Too often intellectualism has been treated as the mark of a schizophrenic–of someone whose thought processes are divorced from reality. But also too often have intellectuals refrained from truly translating their theory into practice, supporting the anti-intellectual’s case by default.
I often express the more poetic side of my nature in my free time, but somehow have never seriously considered doing so more fully in my life. Monday morning arrives and I arise to subject myself all over again to the emotionally abusive grind. The analytical part of me, however obnoxiously and to my dismay, continues to writhe up from its oppressed innards to my mind’s surface. It shoots out of my searching piercing haunting eyes as my unceasing ruminations on society and nature push me ever further on my life’s parabola-not toward a schizophrenic theoretics but toward a different sort of mental illness-a more general madness (or is this sanity?)–an increasingly anxious malaise.
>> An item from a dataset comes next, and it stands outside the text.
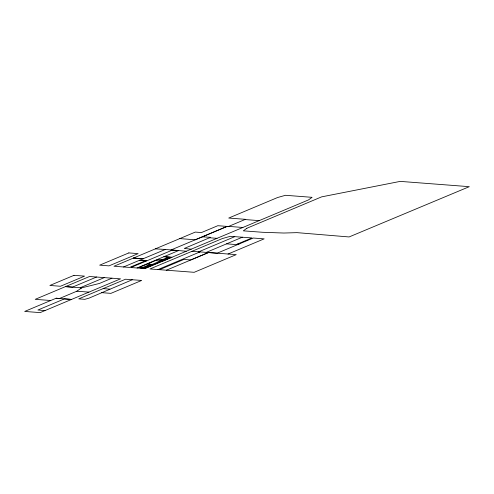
<?xml version="1.0" encoding="UTF-8"?>
<svg xmlns="http://www.w3.org/2000/svg" width="494" height="494" viewBox="0 0 494 494"><rect width="100%" height="100%" fill="white"/><g stroke="black" fill="none" stroke-linecap="round" stroke-linejoin="round"><path stroke-width="0.74" d="M50.697 300.513L35.21 299.333L89.556 276.498L120.548 278.844L40.15 312.616L24.7 311.436L56.131 298.234L59.49 298.493L76.823 291.213L81.689 287.854L99.411 283.457L111.947 278.19M186.318 251.23L165.311 249.458L123.537 266.97L113.966 266.247L195.297 232.087L201.459 232.563L217.811 225.702L228.389 226.518L245.462 219.324L228.716 218.052L277.566 197.532L285.495 195.291L312.072 197.328L308.497 199.916L144.977 268.588L130.842 267.52L172.35 250.088L178.519 250.588L137.085 267.995M202.312 236.83L210.635 237.311L184.287 248.457L191.203 249.18M104.302 277.609L80.189 287.743L81.689 287.854L65.449 286.631L72.433 287.15L96.546 277.023M234.761 236.657L198.687 251.81L200.002 251.897L157.95 269.563L149.941 268.964L222.319 238.571L230.272 236.317L252.008 237.941L236.225 244.573L226.561 243.851M159.494 269.687L183.916 259.43L190.814 259.955L208.48 252.533L236.243 254.632L194.173 272.311L157.95 269.563M191.999 251.304L206.264 252.385L242.344 237.219M166.41 270.206L208.48 252.533L206.282 252.366M228.043 254.033L264.16 238.855L253.255 238.04L217.15 253.212L206.264 252.385M142.377 268.39L150.516 264.969M144.31 267.729L160.297 261.017M161.211 260.937L169.356 257.522M132.287 279.74L89.037 298.135L84.807 299.333L78.744 298.87L125.513 279.227L141.673 280.444L110.922 293.362L101.56 292.646M155.394 248.853L165.311 249.458M133.497 258.041L143.328 258.788L133.479 258.059M146.786 260.826L139.679 260.301L145.563 260.721L129.601 267.427L123.537 266.97M244.95 219.54L259.165 220.633M228.697 226.388L242.875 227.475M209.567 237.762L217.027 238.33M179.804 238.602L195.272 239.788L227.098 226.419L170.967 249.995L172.332 250.1M237.849 243.894L239.09 243.987M147.496 263.926L150.596 264.167L140.827 268.267L143.921 268.508L152.066 265.087L148.966 264.852M103.135 288.626L109.927 289.132M76.823 291.213L88.939 292.121M56.131 298.234L71.581 299.42L64.455 298.87L37.908 310.016L45.034 310.565M164.033 256.676L171.85 257.306M164.014 256.689L171.832 257.318M155.375 260.622L161.958 261.147M246.87 228.253L243.314 230.84L262.505 232.279L283.859 233.032L297.011 232.643L349.091 236.953L469.3 186.676L400.226 181.384L321.6 196.871L246.87 228.253M74.001 275.325L49.875 285.458L60.447 286.261L84.573 276.127L74.001 275.325M128.848 252.909L99.671 265.167L108.989 265.871L138.141 253.626L128.848 252.909M158.481 259.313L139.357 267.347L145.983 267.859L165.107 259.825L158.481 259.313M167.806 257.399L159.667 260.82L162.761 261.06L170.899 257.64L167.806 257.399"/></g></svg>

All of the apparent and persistently espoused logic that made my mother insist on my going to law school (the same logic that made me refuse to go to law school) continues to propel me down a path of learning and questioning to formulate solutions to whatever problems I ponder. When I was a kid, I’d lie awake at night trying to figure out how the world could be saved (seriously). Fortunately, the bigger picture doesn’t keep me up at night anymore; I’ve learned to focus on a smaller locus of control. At the end of every question, I found that love and education were always the answers, and so I have arrived at certain beliefs in solutions and am willing to commit a lifetime to contributing toward their pursuit. That is all that saves me from giving up on everything that surrounds me.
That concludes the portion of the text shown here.